Le nouveau traité franco-britannique en matière de défense permet d'envisager de nombreux postes d'économie pour les deux pays, notamment en mettant en commun certaines infrastructures, et en faisant jouer des économies d'échelles pour une partie des achats. Les points de collaboration prévus sont nombreux, et celui qui a le plus fait parler de lui est la coopération sur les forces nucléaires. Un autre point important est la décision de favoriser l'interopérabilité entre avions et porte-avions des deux pays. Concrètement, il s'agit déjà d'installer des catapultes sur le prochain porte-avions britannique, le Queen Elizabeth, pour que les avions français puissent y opérer. Les avions des deux armées pourront ainsi utiliser le Queen Elizabeth ou le Charles de Gaulle indifféremment, et à terme la façon d'opérer des flottes d'accompagnement se rapprochera.

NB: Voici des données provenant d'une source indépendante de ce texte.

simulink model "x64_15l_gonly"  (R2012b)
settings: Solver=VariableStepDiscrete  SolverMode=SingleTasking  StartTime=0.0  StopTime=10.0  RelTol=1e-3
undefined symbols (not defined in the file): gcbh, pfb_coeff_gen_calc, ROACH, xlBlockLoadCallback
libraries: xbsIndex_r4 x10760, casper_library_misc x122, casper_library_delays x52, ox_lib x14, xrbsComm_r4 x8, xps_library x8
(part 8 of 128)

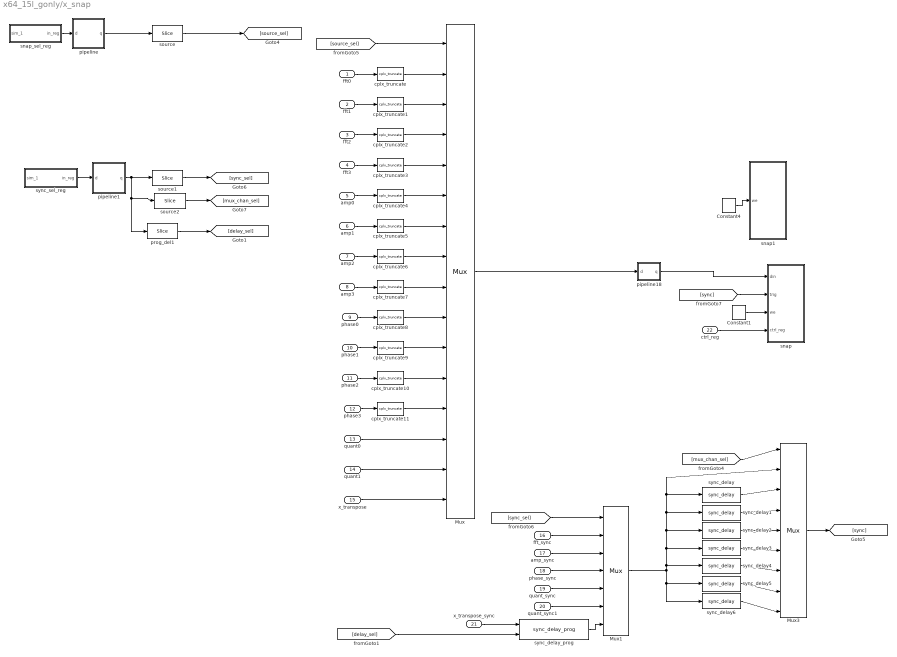
== system x64_15l_gonly/x_snap ==
  fft0 : Inport
  fft1 : Inport  Port=2
  fft2 : Inport  Port=3
  fft3 : Inport  Port=4
  amp0 : Inport  Port=5
  amp1 : Inport  Port=6
  amp2 : Inport  Port=7
  amp3 : Inport  Port=8
  phase0 : Inport  Port=9
  phase1 : Inport  Port=10
  phase2 : Inport  Port=11
  phase3 : Inport  Port=12
  quant0 : Inport  Port=13
  quant1 : Inport  Port=14
  x_transpose : Inport  Port=15
  fft_sync : Inport  Port=16
  amp_sync : Inport  Port=17
  phase_sync : Inport  Port=18
  quant_sync : Inport  Port=19
  quant_sync1 : Inport  Port=20
  x_transpose_sync : Inport  Port=21
  ctrl_reg : Inport  Port=22
  Constant1 : xbsIndex_r4/Constant  const=0  gui_display_data_type=Fixed-point  arith_type=Boolean  n_bits=2  bin_pt=0  preci_type=Single  exp_width=8  frac_width=24  explicit_period=on  period=1  equ=P=C  opselect=C  inp2=PCIN>>17  opr=+  inp1=P  carry=CIN  dbl_ovrd=off  block_type=constant
      settings: block_version=11.4
  Constant4 : xbsIndex_r4/Constant  const=0  gui_display_data_type=Fixed-point  arith_type=Boolean  n_bits=2  bin_pt=0  preci_type=Single  exp_width=8  frac_width=24  explicit_period=on  period=1  equ=P=C  opselect=C  inp2=PCIN>>17  opr=+  inp1=P  carry=CIN  dbl_ovrd=off  block_type=constant
      settings: block_version=11.4
  Mux : xbsIndex_r4/Mux  inputs=15  en=off  latency=1  precision=Full  arith_type=Unsigned  n_bits=16  bin_pt=14  quantization=Truncate  overflow=Wrap  dbl_ovrd=off  block_type=mux
      settings: block_version=11.4
  Mux1 : xbsIndex_r4/Mux  inputs=6  en=off  latency=1  precision=Full  arith_type=Unsigned  n_bits=16  bin_pt=14  quantization=Truncate  overflow=Wrap  dbl_ovrd=off  block_type=mux
      settings: block_version=11.4
  Mux3 : xbsIndex_r4/Mux  inputs=8  en=off  latency=1  precision=Full  arith_type=Unsigned  n_bits=16  bin_pt=14  quantization=Truncate  overflow=Wrap  dbl_ovrd=off  block_type=mux
      settings: block_version=11.4
  cplx_truncate : ox_lib/cplx_truncate  in_bits=18  out_bits=16
      link override c_to_ri: bin_pt=in_bits-1
      link override convert_im: arith_type="Signed  (2's comp)"  n_bits=out_bits  bin_pt=out_bits-1  quantization=Truncate  overflow=Wrap  latency=0  dbl_ovrd=off  pipeline=on
      link override convert_re: arith_type="Signed  (2's comp)"  n_bits=out_bits  bin_pt=out_bits-1  quantization=Truncate  overflow=Wrap  latency=0  dbl_ovrd=off  pipeline=on
      link override convert_im: infoedit=Hardware notes: rounding and saturating require hardware resources; truncating and wrapping do not.  xl_area=[0, 0, 0, 0, 0, 0, 0]
      link override convert_re: infoedit=Hardware notes: rounding and saturating require hardware resources; truncating and wrapping do not.  xl_area=[0, 0, 0, 0, 0, 0, 0]
  cplx_truncate1 : ox_lib/cplx_truncate  in_bits=18  out_bits=16
      link override c_to_ri: bin_pt=in_bits-1
      link override convert_im: arith_type="Signed  (2's comp)"  n_bits=out_bits  bin_pt=out_bits-1  quantization=Truncate  overflow=Wrap  latency=0  dbl_ovrd=off  pipeline=on
      link override convert_re: arith_type="Signed  (2's comp)"  n_bits=out_bits  bin_pt=out_bits-1  quantization=Truncate  overflow=Wrap  latency=0  dbl_ovrd=off  pipeline=on
      link override convert_im: infoedit=Hardware notes: rounding and saturating require hardware resources; truncating and wrapping do not.  xl_area=[0, 0, 0, 0, 0, 0, 0]
      link override convert_re: infoedit=Hardware notes: rounding and saturating require hardware resources; truncating and wrapping do not.  xl_area=[0, 0, 0, 0, 0, 0, 0]
  cplx_truncate10 : ox_lib/cplx_truncate  in_bits=35  out_bits=16
      link override c_to_ri: bin_pt=in_bits-3
      link override convert_im: arith_type="Signed  (2's comp)"  n_bits=out_bits  bin_pt=out_bits-1  quantization=Truncate  overflow=Wrap  latency=0  dbl_ovrd=off  pipeline=on
      link override convert_re: arith_type="Signed  (2's comp)"  n_bits=out_bits  bin_pt=out_bits-1  quantization=Truncate  overflow=Wrap  latency=0  dbl_ovrd=off  pipeline=on
      link override convert_im: infoedit=Hardware notes: rounding and saturating require hardware resources; truncating and wrapping do not.  xl_area=[0, 0, 0, 0, 0, 0, 0]
      link override convert_re: infoedit=Hardware notes: rounding and saturating require hardware resources; truncating and wrapping do not.  xl_area=[0, 0, 0, 0, 0, 0, 0]
  cplx_truncate11 : ox_lib/cplx_truncate  in_bits=35  out_bits=16
      link override c_to_ri: bin_pt=in_bits-3
      link override convert_im: arith_type="Signed  (2's comp)"  n_bits=out_bits  bin_pt=out_bits-1  quantization=Truncate  overflow=Wrap  latency=0  dbl_ovrd=off  pipeline=on
      link override convert_re: arith_type="Signed  (2's comp)"  n_bits=out_bits  bin_pt=out_bits-1  quantization=Truncate  overflow=Wrap  latency=0  dbl_ovrd=off  pipeline=on
      link override convert_im: infoedit=Hardware notes: rounding and saturating require hardware resources; truncating and wrapping do not.  xl_area=[0, 0, 0, 0, 0, 0, 0]
      link override convert_re: infoedit=Hardware notes: rounding and saturating require hardware resources; truncating and wrapping do not.  xl_area=[0, 0, 0, 0, 0, 0, 0]
  cplx_truncate2 : ox_lib/cplx_truncate  in_bits=18  out_bits=16
      link override c_to_ri: bin_pt=in_bits-1
      link override convert_im: arith_type="Signed  (2's comp)"  n_bits=out_bits  bin_pt=out_bits-1  quantization=Truncate  overflow=Wrap  latency=0  dbl_ovrd=off  pipeline=on
      link override convert_re: arith_type="Signed  (2's comp)"  n_bits=out_bits  bin_pt=out_bits-1  quantization=Truncate  overflow=Wrap  latency=0  dbl_ovrd=off  pipeline=on
      link override convert_im: infoedit=Hardware notes: rounding and saturating require hardware resources; truncating and wrapping do not.  xl_area=[0, 0, 0, 0, 0, 0, 0]
      link override convert_re: infoedit=Hardware notes: rounding and saturating require hardware resources; truncating and wrapping do not.  xl_area=[0, 0, 0, 0, 0, 0, 0]
  cplx_truncate3 : ox_lib/cplx_truncate  in_bits=18  out_bits=16
      link override c_to_ri: bin_pt=in_bits-1
      link override convert_im: arith_type="Signed  (2's comp)"  n_bits=out_bits  bin_pt=out_bits-1  quantization=Truncate  overflow=Wrap  latency=0  dbl_ovrd=off  pipeline=on
      link override convert_re: arith_type="Signed  (2's comp)"  n_bits=out_bits  bin_pt=out_bits-1  quantization=Truncate  overflow=Wrap  latency=0  dbl_ovrd=off  pipeline=on
      link override convert_im: infoedit=Hardware notes: rounding and saturating require hardware resources; truncating and wrapping do not.  xl_area=[0, 0, 0, 0, 0, 0, 0]
      link override convert_re: infoedit=Hardware notes: rounding and saturating require hardware resources; truncating and wrapping do not.  xl_area=[0, 0, 0, 0, 0, 0, 0]
  cplx_truncate4 : ox_lib/cplx_truncate  in_bits=18  out_bits=16
      link override c_to_ri: bin_pt=in_bits-1
      link override convert_im: arith_type="Signed  (2's comp)"  n_bits=out_bits  bin_pt=out_bits-1  quantization=Truncate  overflow=Wrap  latency=0  dbl_ovrd=off  pipeline=on
      link override convert_re: arith_type="Signed  (2's comp)"  n_bits=out_bits  bin_pt=out_bits-1  quantization=Truncate  overflow=Wrap  latency=0  dbl_ovrd=off  pipeline=on
      link override convert_im: infoedit=Hardware notes: rounding and saturating require hardware resources; truncating and wrapping do not.  xl_area=[0, 0, 0, 0, 0, 0, 0]
      link override convert_re: infoedit=Hardware notes: rounding and saturating require hardware resources; truncating and wrapping do not.  xl_area=[0, 0, 0, 0, 0, 0, 0]
  cplx_truncate5 : ox_lib/cplx_truncate  in_bits=18  out_bits=16
      link override c_to_ri: bin_pt=in_bits-1
      link override convert_im: arith_type="Signed  (2's comp)"  n_bits=out_bits  bin_pt=out_bits-1  quantization=Truncate  overflow=Wrap  latency=0  dbl_ovrd=off  pipeline=on
      link override convert_re: arith_type="Signed  (2's comp)"  n_bits=out_bits  bin_pt=out_bits-1  quantization=Truncate  overflow=Wrap  latency=0  dbl_ovrd=off  pipeline=on
      link override convert_im: infoedit=Hardware notes: rounding and saturating require hardware resources; truncating and wrapping do not.  xl_area=[0, 0, 0, 0, 0, 0, 0]
      link override convert_re: infoedit=Hardware notes: rounding and saturating require hardware resources; truncating and wrapping do not.  xl_area=[0, 0, 0, 0, 0, 0, 0]
  cplx_truncate6 : ox_lib/cplx_truncate  in_bits=18  out_bits=16
      link override c_to_ri: bin_pt=in_bits-1
      link override convert_im: arith_type="Signed  (2's comp)"  n_bits=out_bits  bin_pt=out_bits-1  quantization=Truncate  overflow=Wrap  latency=0  dbl_ovrd=off  pipeline=on
      link override convert_re: arith_type="Signed  (2's comp)"  n_bits=out_bits  bin_pt=out_bits-1  quantization=Truncate  overflow=Wrap  latency=0  dbl_ovrd=off  pipeline=on
      link override convert_im: infoedit=Hardware notes: rounding and saturating require hardware resources; truncating and wrapping do not.  xl_area=[0, 0, 0, 0, 0, 0, 0]
      link override convert_re: infoedit=Hardware notes: rounding and saturating require hardware resources; truncating and wrapping do not.  xl_area=[0, 0, 0, 0, 0, 0, 0]
  cplx_truncate7 : ox_lib/cplx_truncate  in_bits=18  out_bits=16
      link override c_to_ri: bin_pt=in_bits-1
      link override convert_im: arith_type="Signed  (2's comp)"  n_bits=out_bits  bin_pt=out_bits-1  quantization=Truncate  overflow=Wrap  latency=0  dbl_ovrd=off  pipeline=on
      link override convert_re: arith_type="Signed  (2's comp)"  n_bits=out_bits  bin_pt=out_bits-1  quantization=Truncate  overflow=Wrap  latency=0  dbl_ovrd=off  pipeline=on
      link override convert_im: infoedit=Hardware notes: rounding and saturating require hardware resources; truncating and wrapping do not.  xl_area=[0, 0, 0, 0, 0, 0, 0]
      link override convert_re: infoedit=Hardware notes: rounding and saturating require hardware resources; truncating and wrapping do not.  xl_area=[0, 0, 0, 0, 0, 0, 0]
  cplx_truncate8 : ox_lib/cplx_truncate  in_bits=35  out_bits=16
      link override c_to_ri: bin_pt=in_bits-3
      link override convert_im: arith_type="Signed  (2's comp)"  n_bits=out_bits  bin_pt=out_bits-1  quantization=Truncate  overflow=Wrap  latency=0  dbl_ovrd=off  pipeline=on
      link override convert_re: arith_type="Signed  (2's comp)"  n_bits=out_bits  bin_pt=out_bits-1  quantization=Truncate  overflow=Wrap  latency=0  dbl_ovrd=off  pipeline=on
      link override convert_im: infoedit=Hardware notes: rounding and saturating require hardware resources; truncating and wrapping do not.  xl_area=[0, 0, 0, 0, 0, 0, 0]
      link override convert_re: infoedit=Hardware notes: rounding and saturating require hardware resources; truncating and wrapping do not.  xl_area=[0, 0, 0, 0, 0, 0, 0]
  cplx_truncate9 : ox_lib/cplx_truncate  in_bits=35  out_bits=16
      link override c_to_ri: bin_pt=in_bits-3
      link override convert_im: arith_type="Signed  (2's comp)"  n_bits=out_bits  bin_pt=out_bits-1  quantization=Truncate  overflow=Wrap  latency=0  dbl_ovrd=off  pipeline=on
      link override convert_re: arith_type="Signed  (2's comp)"  n_bits=out_bits  bin_pt=out_bits-1  quantization=Truncate  overflow=Wrap  latency=0  dbl_ovrd=off  pipeline=on
      link override convert_im: infoedit=Hardware notes: rounding and saturating require hardware resources; truncating and wrapping do not.  xl_area=[0, 0, 0, 0, 0, 0, 0]
      link override convert_re: infoedit=Hardware notes: rounding and saturating require hardware resources; truncating and wrapping do not.  xl_area=[0, 0, 0, 0, 0, 0, 0]
  pipeline : Subsystem  AncestorBlock=casper_library_delays/pipeline  mask(pipeline){latency=2}
      mask help:
      | An explicitly laid-out delay line to avoid mapping to SRL16s
      | for use in pipelining to help achieve timing closure.
      mask init:
      | pipeline_init(gcb,'latency',latency);
      settings: AttributesFormatString=Latency = %<latency>
      mask Display:
      | port_label('input', 1, 'd');
      | port_label('output', 1, 'q');
      | disp(['Z^-', num2str(latency)]);
  pipeline1 : Subsystem  AncestorBlock=casper_library_delays/pipeline  mask(pipeline){latency=2}
      mask help:
      | An explicitly laid-out delay line to avoid mapping to SRL16s
      | for use in pipelining to help achieve timing closure.
      mask init:
      | pipeline_init(gcb,'latency',latency);
      settings: AttributesFormatString=Latency = %<latency>
      mask Display:
      | port_label('input', 1, 'd');
      | port_label('output', 1, 'q');
      | disp(['Z^-', num2str(latency)]);
  pipeline18 : Subsystem  AncestorBlock=casper_library_delays/pipeline  mask(pipeline){latency=1}
      mask help:
      | An explicitly laid-out delay line to avoid mapping to SRL16s
      | for use in pipelining to help achieve timing closure.
      mask init:
      | pipeline_init(gcb,'latency',latency);
      settings: AttributesFormatString=Latency = %<latency>
      mask Display:
      | port_label('input', 1, 'd');
      | port_label('output', 1, 'q');
      | disp(['Z^-', num2str(latency)]);
  prog_del1 : xbsIndex_r4/Slice  nbits=32-6  boolean_output=off  mode=Lower Bit Location + Width  bit1=0  base1=LSB of Input  bit0=6  base0=LSB of Input  dbl_ovrd=off  block_type=slice
  snap : Subsystem  AncestorBlock=casper_library_scopes/snap  mask(snap){nsamples=10}
      mask prompts: nsamples "No. of samples(2^?)"
      mask help:
      | The <i>snap</i> block provides a packaged solution to capturing data from
      | the FPGA fabric and making it accessible from the CPU.  The block comes in
      | 2 flavors: <i>snap</i> (which captures to a 32 bit wide Shared BRAM), and
      | <i>snap64</i> (which captures to 2x32 bit wide Shared BRAMs to effect a
      | 64 bit capture).
      mask init:
      | deprecation_warning('the snap block is to be removed from the casper library, please use the snapshot block instead', 'snap');
      settings: CopyFcn=deprecation_warning('the snap block is to be removed from the casper library, please use the snapshot block instead', 'snap')
      mask Help: eval('xlWeb(''http://casper.berkeley.edu/wiki/Snap'')')
  snap1 : Subsystem
  snap_sel_reg : Subsystem  Tag=xps:sw_reg  AncestorBlock=xps_library/software register  mask(swreg){mode=one value, io_dir=From Processor, io_delay=0, sample_period=1, names=reg, bitwidths=32, arith_types=0, bin_pts=0, show_format=off}
      mask prompts: io_dir "I/O direction"; io_delay "I/O delay"; sample_period "Sample period"; names "Name:"; bitwidths "Bitwidth:"; arith_types "Type (ufix=0, fix=1, bool=2):"; bin_pts "Binary pt:"; show_format "Print format string?"
      mask init:
      | swreg_init(gcb)
      settings: AttributesFormatString=1input
      mask TypeOptions mode: one value | fields of equal size | fields of arbitrary size
      mask Callback mode: swreg_cb(gcb);
      mask TypeOptions io_dir: To Processor | From Processor
      mask Callback io_dir:
      | mask_enables = get_param(gcb, 'MaskEnables');
      | mask_names = get_param(gcb, 'MaskNames');
      | if strcmp(get_param(gcb, 'io_dir'), 'To Processor'),
      |     mask_enables{ismember(mask_names, 'sample_period')} = 'off';
      | else
      |     mask_enables{ismember(mask_names, 'sample_period')} = 'on';
      | end
      | set_param(gcb, 'MaskEnables', mask_enables);
      mask Callback bitwidths:
      | blk = gcb;
      | mode = get_param(blk, 'mode');
      | current_widths = eval(get_param(blk, 'bitwidths'));
      | if (strcmp(mode, 'one value') || strcmp(mode, 'fields of equal size')) && (length(current_widths) > 1),
      |     error('Only one width may be specified for this mode.');
      | elseif strcmp(mode, 'fields of arbitrary size')
      |     current_names = textscan(strtrim(strrep(strrep(get_param(blk, 'names'), ']', ''), '[', '')), '%s');
      |     current_names = current_names{1};
      |     numios = length(current_names);
      |     if length(current_widths) ~= numios,
      |         error('%d field names specified, but %d widths?', numios, length(current_widths));
      |     end
      | end
      | total_width = 0;
      | for ctr = 1 : length(current_widths),
      |     total_width = total_width + current_widths(ctr);
      | end
      | if total_width > 32,
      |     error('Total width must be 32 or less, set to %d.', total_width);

Il est néanmoins loin d'être certain qu'un pays accepte d'envoyer son propre porte-avions sur le théâtre d'une crise qui concerne exclusivement l'autre pays. Certes, depuis désormais bien longtemps, les intérêts des deux puissances convergent largement. Mais les questions de souveraineté nationale ne manqueront pas de se poser. En ne disposant que d'un seul porte-avions, un pays ne dispose d'une telle force de frappe qu'une partie du temps. Les périodes d'entretien, faites au port d'attache, sont en effet longues et fréquentes. Normalement, le but est donc d'en avoir deux, pour être sûr d'en avoir toujours un à disposition. C'était jusqu'à présent la politique de la France, avec le Foch et le Clemenceau. Mais ce n'est plus le cas aujourd'hui. Les coûts de construction d'un porte-avions sont exorbitants. L'échelle est le milliard d'euros. Le porte-avions nucléaire français, le Charles de Gaulle a coûté bien cher et l'Etat français est réticent à mettre l'argent d'un deuxième sur la table. Au sein de l'armée, certains craignent que les crédits qui y seraient engagés ne soient trouvés au détriment des autres forces.

Du côté anglais, la question se pose désormais en des termes à peu près semblables. Le gouvernement travailliste avait décidé de construire deux nouveaux porte-avions pour relever ceux arrivant à bout de course. La construction du Queen Elizabeth a ainsi débuté l'an dernier. Mais l'arrivée des tories a changé la donne. Leur volonté de réduire la dépense publique a mis un point d'interrogation sur le deuxième, le Prince of Wales. Aux dernières nouvelles, sa construction devrait bien avoir lieu. Il est en effet bien plus économique de construire deux porte-avions à la suite que d'en construire un. Une annulation renchérirait le coût du Queen Elizabeth, et un tel désengagement serait coûteux en soi. L'idée des tories est donc de construire ce deuxième porte-avions, avant de décider ce qui pourrait en être fait. Une idée est de le vendre. Mais il pourrait aussi être utile militairement à la Grande Bretagne.

On peut en effet envisager que le Prince of Wales (ou quelque soit son nom) serve tant les marines britannique que française. La solution serait alors une forme de garde partagée : équipée de la même façon que le Queen Elizabeth ou le Charles de Gaulle, il pourrait être opéré par les Britanniques ou par les Français indifféremment. Il serait dans ce cas à la disposition du pays dont le porte-avions serait en période de maintenance, de telle manière que la France et la Grande-Bretagne aient toujours chacun un porte-avions immédiatement projetable selon sa volonté. Le coût serait divisé entre les deux pays, ne payant chacun la moitié des frais qu'ils auraient du engager pour obtenir la même prestation seule. Voilà des avantages qui poussent à étudier cette solution. Ce nouveau traité franco-britannique permet au moins d'en envisager l'hypothèse.